##### Recorded information #####

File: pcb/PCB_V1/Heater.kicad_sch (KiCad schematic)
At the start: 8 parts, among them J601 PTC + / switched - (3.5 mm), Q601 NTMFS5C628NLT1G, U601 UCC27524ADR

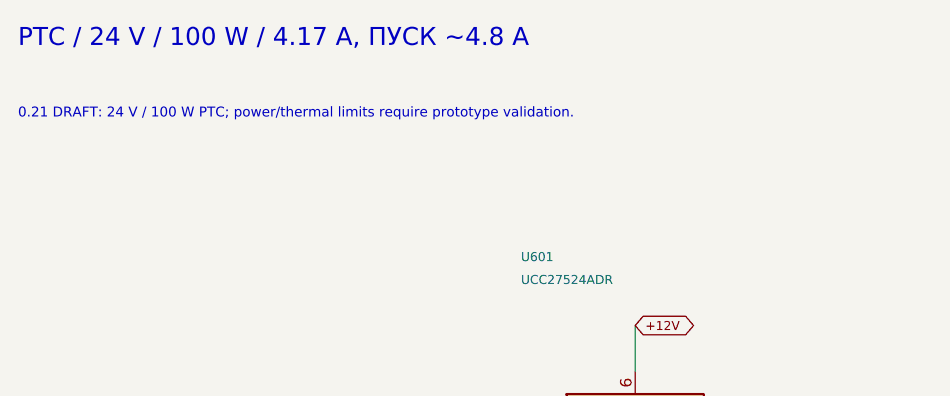
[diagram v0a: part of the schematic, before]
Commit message: pcb: revision 0.22 routing preparation
- Stack confirmed by the user: 1.6 mm, 1 oz outer, 0.5 oz inner.
- LED output MLCCs: Murata GRM32EC72A106KE05L (X7S, 50k in stock) instead
  of TDK; DC-bias digitised from Murata data (2.60 uF at 49 V, model
  2.55 uF), CH1 bank 6.44 uF effective.
- microSD: HRO TF-01A (push-push, C91145) on a project footprint from the
  HRO drawing, checked against the LCSC land; SD passives re-placed.
- TP301 on the PCF8563 CLKOUT for crystal trimming.
- Kelvin net ties NT711/NT712/NT721/NT722 at the LED-driver shunts
  (LED*_CS_K, LED*_FB_K); net ties are excluded from the BOM export.
- analyze_copper.py: IPC-2221 copper screen for the confirmed stack
  (main 24 V path needs pours on both outer layers, via counts).
- L711 and XT60PW-M re-checked and kept; reports v22 and ROUTING_PREP.md.
  USD 30.04 per board (28.42 for five), ERC 0, DRC 0.

Co-Authored-By: Claude Opus 5.5 <noreply@anthropic.com>
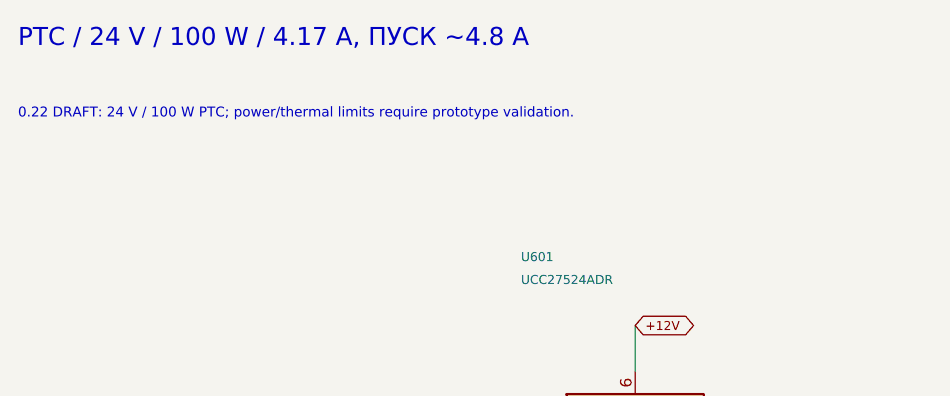
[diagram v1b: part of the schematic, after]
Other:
- note added: "0.22 DRAFT: 24 V / 100 W PTC; power/thermal limits require prototype validation."
- note removed: "0.21 DRAFT: 24 V / 100 W PTC; power/thermal limits require prototype validation."
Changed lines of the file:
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@@
 		(title "05 - PTC heater switch (24 V)")
 		(date "2026-09-30")
-		(rev "0.21-DRAFT")
+		(rev "0.22-DRAFT")
 		(company "GrowBox controller")
 		(comment 1 "Simplified prototype; unrouted; hardware qualification pending")
@@
 		)
 	)
-	(text "0.21 DRAFT: 24 V / 100 W PTC; power/thermal limits require prototype validation."
+	(text "0.22 DRAFT: 24 V / 100 W PTC; power/thermal limits require prototype validation."
 		(exclude_from_sim no)
 		(at 20.32 24.13 0)

#####

» Problem to work on: Everything in the listing above must be restated word for word, except the images.

» Expected answer:
File: pcb/PCB_V1/Heater.kicad_sch (KiCad schematic)
At the start: 8 parts, among them J601 PTC + / switched - (3.5 mm), Q601 NTMFS5C628NLT1G, U601 UCC27524ADR

[diagram v0a: part of the schematic, before]
Commit message: pcb: revision 0.22 routing preparation
- Stack confirmed by the user: 1.6 mm, 1 oz outer, 0.5 oz inner.
- LED output MLCCs: Murata GRM32EC72A106KE05L (X7S, 50k in stock) instead
  of TDK; DC-bias digitised from Murata data (2.60 uF at 49 V, model
  2.55 uF), CH1 bank 6.44 uF effective.
- microSD: HRO TF-01A (push-push, C91145) on a project footprint from the
  HRO drawing, checked against the LCSC land; SD passives re-placed.
- TP301 on the PCF8563 CLKOUT for crystal trimming.
- Kelvin net ties NT711/NT712/NT721/NT722 at the LED-driver shunts
  (LED*_CS_K, LED*_FB_K); net ties are excluded from the BOM export.
- analyze_copper.py: IPC-2221 copper screen for the confirmed stack
  (main 24 V path needs pours on both outer layers, via counts).
- L711 and XT60PW-M re-checked and kept; reports v22 and ROUTING_PREP.md.
  USD 30.04 per board (28.42 for five), ERC 0, DRC 0.

Co-Authored-By: Claude Opus 5.5 <noreply@anthropic.com>
[diagram v1b: part of the schematic, after]
Other:
- note added: "0.22 DRAFT: 24 V / 100 W PTC; power/thermal limits require prototype validation."
- note removed: "0.21 DRAFT: 24 V / 100 W PTC; power/thermal limits require prototype validation."
Changed lines of the file:
@@
 		(title "05 - PTC heater switch (24 V)")
 		(date "2026-09-30")
-		(rev "0.21-DRAFT")
+		(rev "0.22-DRAFT")
 		(company "GrowBox controller")
 		(comment 1 "Simplified prototype; unrouted; hardware qualification pending")
@@
 		)
 	)
-	(text "0.21 DRAFT: 24 V / 100 W PTC; power/thermal limits require prototype validation."
+	(text "0.22 DRAFT: 24 V / 100 W PTC; power/thermal limits require prototype validation."
 		(exclude_from_sim no)
 		(at 20.32 24.13 0)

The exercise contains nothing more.